◆ **Records shown**:
——————————

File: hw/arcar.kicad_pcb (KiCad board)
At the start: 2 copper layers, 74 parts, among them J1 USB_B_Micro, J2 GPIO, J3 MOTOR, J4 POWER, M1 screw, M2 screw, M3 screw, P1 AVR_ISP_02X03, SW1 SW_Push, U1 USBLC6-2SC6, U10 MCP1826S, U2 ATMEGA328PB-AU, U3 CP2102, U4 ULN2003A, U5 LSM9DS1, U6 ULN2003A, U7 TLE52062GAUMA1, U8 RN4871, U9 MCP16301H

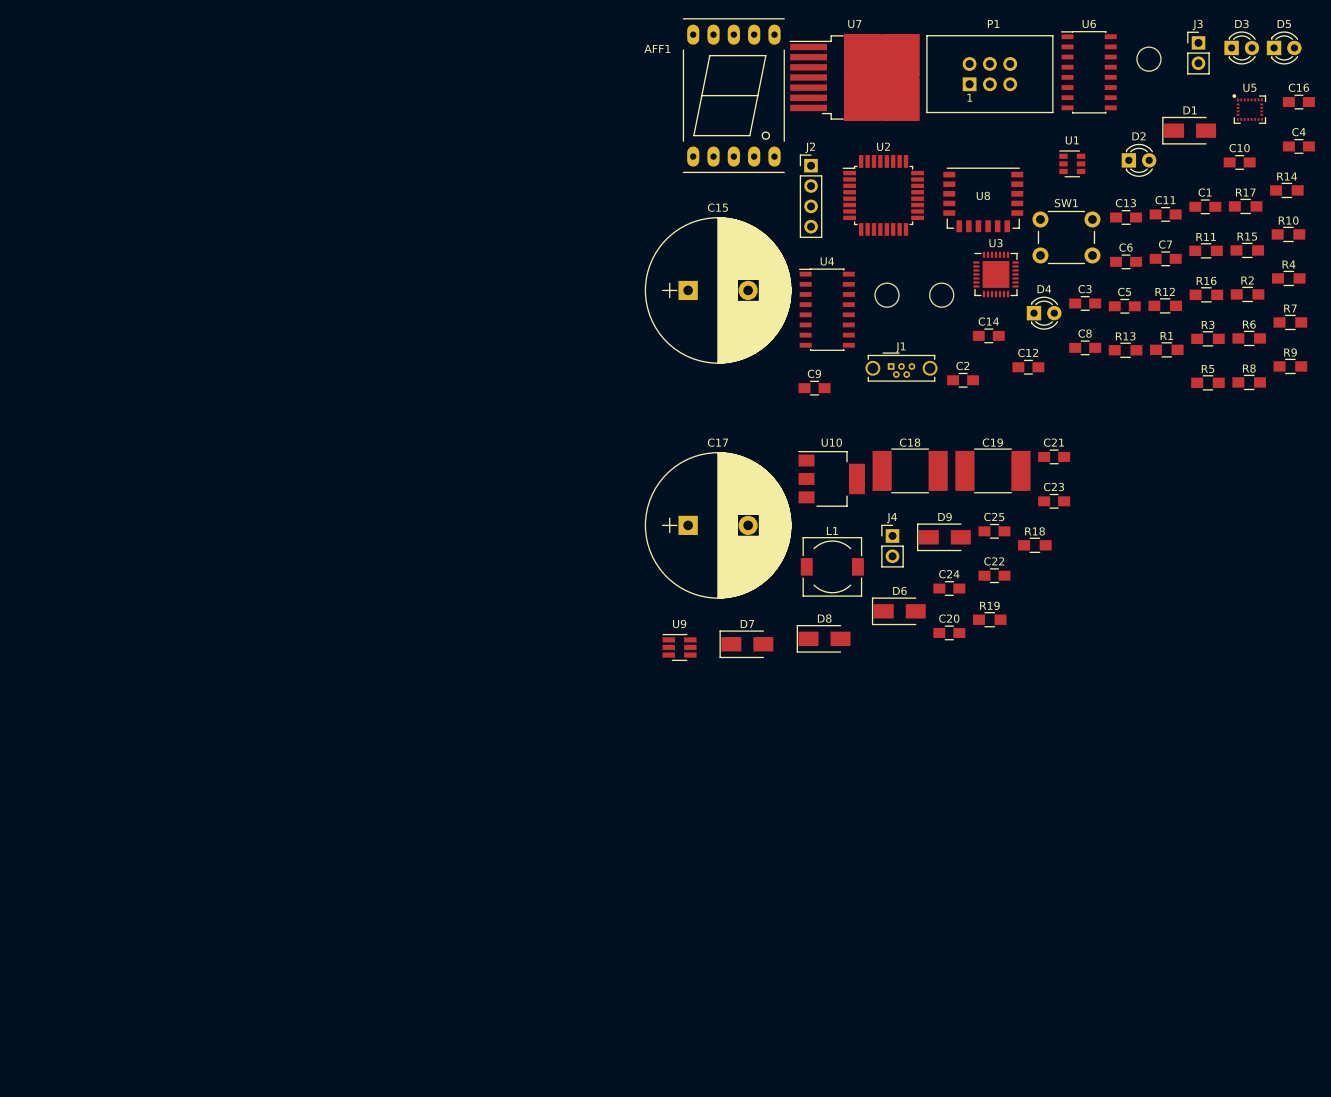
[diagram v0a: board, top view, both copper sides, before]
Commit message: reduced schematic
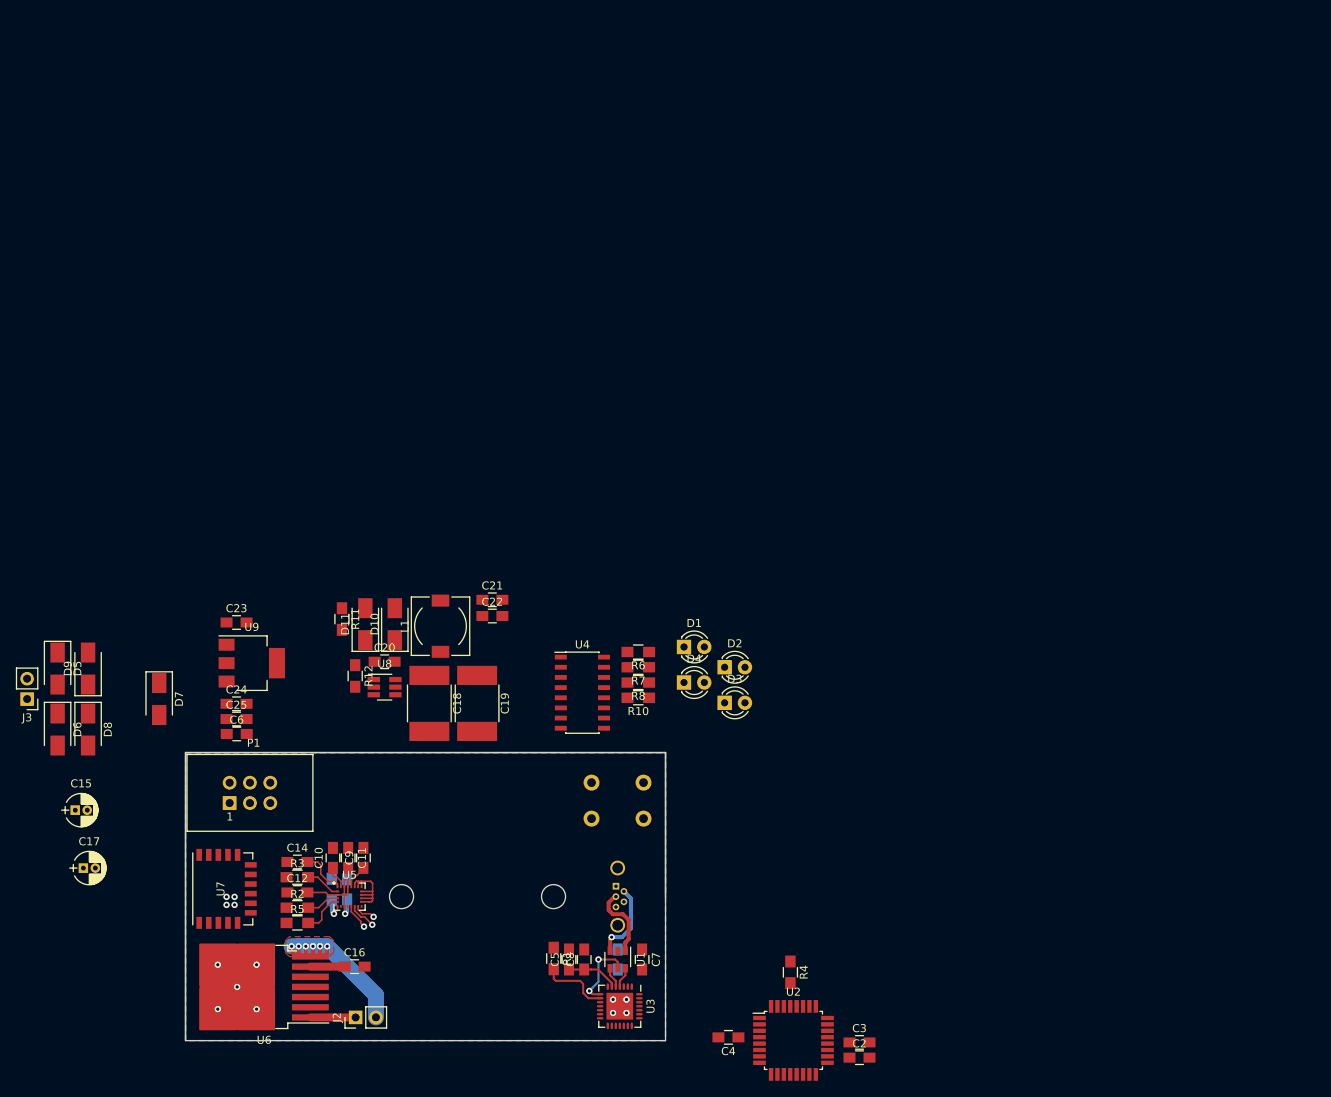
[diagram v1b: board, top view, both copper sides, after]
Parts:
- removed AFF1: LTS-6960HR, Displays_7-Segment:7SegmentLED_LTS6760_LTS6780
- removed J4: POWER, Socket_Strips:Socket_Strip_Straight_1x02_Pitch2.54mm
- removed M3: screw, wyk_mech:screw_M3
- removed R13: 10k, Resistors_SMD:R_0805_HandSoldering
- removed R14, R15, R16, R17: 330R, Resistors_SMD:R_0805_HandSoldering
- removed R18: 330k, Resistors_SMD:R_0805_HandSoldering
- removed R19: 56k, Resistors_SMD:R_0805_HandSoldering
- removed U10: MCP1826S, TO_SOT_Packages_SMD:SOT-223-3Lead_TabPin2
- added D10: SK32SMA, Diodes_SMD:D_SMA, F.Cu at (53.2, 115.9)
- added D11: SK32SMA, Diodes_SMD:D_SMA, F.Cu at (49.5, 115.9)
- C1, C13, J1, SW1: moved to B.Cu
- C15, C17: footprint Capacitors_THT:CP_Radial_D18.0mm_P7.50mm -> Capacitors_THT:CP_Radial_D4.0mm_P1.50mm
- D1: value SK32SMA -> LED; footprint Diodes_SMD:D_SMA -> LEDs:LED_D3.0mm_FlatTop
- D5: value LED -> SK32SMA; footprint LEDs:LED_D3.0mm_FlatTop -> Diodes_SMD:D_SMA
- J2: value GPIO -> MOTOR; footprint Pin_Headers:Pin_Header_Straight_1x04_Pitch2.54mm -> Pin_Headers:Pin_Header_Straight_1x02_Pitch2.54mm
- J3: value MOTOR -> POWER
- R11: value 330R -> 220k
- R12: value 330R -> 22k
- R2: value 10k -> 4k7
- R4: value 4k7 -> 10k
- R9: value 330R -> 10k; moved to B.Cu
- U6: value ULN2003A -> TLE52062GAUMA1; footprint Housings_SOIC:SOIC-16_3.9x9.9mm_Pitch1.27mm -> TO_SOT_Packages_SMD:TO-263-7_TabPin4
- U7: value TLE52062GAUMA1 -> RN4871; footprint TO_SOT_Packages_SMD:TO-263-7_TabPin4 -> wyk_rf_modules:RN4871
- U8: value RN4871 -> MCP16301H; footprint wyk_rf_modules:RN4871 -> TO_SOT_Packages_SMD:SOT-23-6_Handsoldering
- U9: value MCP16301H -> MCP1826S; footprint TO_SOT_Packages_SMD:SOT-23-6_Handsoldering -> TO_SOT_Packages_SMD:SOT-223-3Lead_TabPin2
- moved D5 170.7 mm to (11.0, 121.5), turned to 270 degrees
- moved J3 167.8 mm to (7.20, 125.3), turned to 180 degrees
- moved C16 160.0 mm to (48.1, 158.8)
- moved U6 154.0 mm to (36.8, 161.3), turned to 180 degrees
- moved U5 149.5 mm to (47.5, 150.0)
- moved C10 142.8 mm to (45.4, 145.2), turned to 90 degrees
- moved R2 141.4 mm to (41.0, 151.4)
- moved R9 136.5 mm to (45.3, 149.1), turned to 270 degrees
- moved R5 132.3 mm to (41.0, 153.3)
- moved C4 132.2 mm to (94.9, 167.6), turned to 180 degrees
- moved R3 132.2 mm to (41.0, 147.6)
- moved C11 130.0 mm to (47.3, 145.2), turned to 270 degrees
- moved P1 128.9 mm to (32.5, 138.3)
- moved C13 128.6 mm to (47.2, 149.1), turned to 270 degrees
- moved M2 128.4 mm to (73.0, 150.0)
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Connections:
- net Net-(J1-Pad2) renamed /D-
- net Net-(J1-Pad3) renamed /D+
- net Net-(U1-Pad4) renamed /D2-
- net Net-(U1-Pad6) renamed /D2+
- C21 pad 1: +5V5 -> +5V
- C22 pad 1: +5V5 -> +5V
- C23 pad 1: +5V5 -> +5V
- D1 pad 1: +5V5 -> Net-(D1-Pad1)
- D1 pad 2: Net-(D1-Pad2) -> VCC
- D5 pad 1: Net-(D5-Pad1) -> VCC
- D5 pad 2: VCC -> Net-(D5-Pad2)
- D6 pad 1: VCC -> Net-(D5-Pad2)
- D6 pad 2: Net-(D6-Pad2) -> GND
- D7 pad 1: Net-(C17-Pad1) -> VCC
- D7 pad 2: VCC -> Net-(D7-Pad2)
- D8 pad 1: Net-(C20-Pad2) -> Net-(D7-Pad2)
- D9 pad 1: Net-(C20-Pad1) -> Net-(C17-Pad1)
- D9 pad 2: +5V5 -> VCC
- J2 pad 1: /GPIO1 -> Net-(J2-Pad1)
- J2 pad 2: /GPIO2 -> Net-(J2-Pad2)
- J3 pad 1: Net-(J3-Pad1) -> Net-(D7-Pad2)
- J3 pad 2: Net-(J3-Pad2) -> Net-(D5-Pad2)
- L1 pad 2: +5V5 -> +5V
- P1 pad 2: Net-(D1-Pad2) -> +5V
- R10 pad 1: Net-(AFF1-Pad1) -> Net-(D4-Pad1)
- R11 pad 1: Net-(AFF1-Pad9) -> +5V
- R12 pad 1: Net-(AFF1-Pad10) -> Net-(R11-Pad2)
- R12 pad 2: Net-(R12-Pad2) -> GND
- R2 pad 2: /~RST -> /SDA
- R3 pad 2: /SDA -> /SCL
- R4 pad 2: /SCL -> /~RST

——————————

◆ **Task to complete**:
In the listing above, find the line with "[diagram v1b: board, top" and the line with "- U7: value"; set down exactly those two lines and every line between them, nothing more.

◆ **Result of this exercise**:
[diagram v1b: board, top view, both copper sides, after]
Parts:
- removed AFF1: LTS-6960HR, Displays_7-Segment:7SegmentLED_LTS6760_LTS6780
- removed J4: POWER, Socket_Strips:Socket_Strip_Straight_1x02_Pitch2.54mm
- removed M3: screw, wyk_mech:screw_M3
- removed R13: 10k, Resistors_SMD:R_0805_HandSoldering
- removed R14, R15, R16, R17: 330R, Resistors_SMD:R_0805_HandSoldering
- removed R18: 330k, Resistors_SMD:R_0805_HandSoldering
- removed R19: 56k, Resistors_SMD:R_0805_HandSoldering
- removed U10: MCP1826S, TO_SOT_Packages_SMD:SOT-223-3Lead_TabPin2
- added D10: SK32SMA, Diodes_SMD:D_SMA, F.Cu at (53.2, 115.9)
- added D11: SK32SMA, Diodes_SMD:D_SMA, F.Cu at (49.5, 115.9)
- C1, C13, J1, SW1: moved to B.Cu
- C15, C17: footprint Capacitors_THT:CP_Radial_D18.0mm_P7.50mm -> Capacitors_THT:CP_Radial_D4.0mm_P1.50mm
- D1: value SK32SMA -> LED; footprint Diodes_SMD:D_SMA -> LEDs:LED_D3.0mm_FlatTop
- D5: value LED -> SK32SMA; footprint LEDs:LED_D3.0mm_FlatTop -> Diodes_SMD:D_SMA
- J2: value GPIO -> MOTOR; footprint Pin_Headers:Pin_Header_Straight_1x04_Pitch2.54mm -> Pin_Headers:Pin_Header_Straight_1x02_Pitch2.54mm
- J3: value MOTOR -> POWER
- R11: value 330R -> 220k
- R12: value 330R -> 22k
- R2: value 10k -> 4k7
- R4: value 4k7 -> 10k
- R9: value 330R -> 10k; moved to B.Cu
- U6: value ULN2003A -> TLE52062GAUMA1; footprint Housings_SOIC:SOIC-16_3.9x9.9mm_Pitch1.27mm -> TO_SOT_Packages_SMD:TO-263-7_TabPin4
- U7: value TLE52062GAUMA1 -> RN4871; footprint TO_SOT_Packages_SMD:TO-263-7_TabPin4 -> wyk_rf_modules:RN4871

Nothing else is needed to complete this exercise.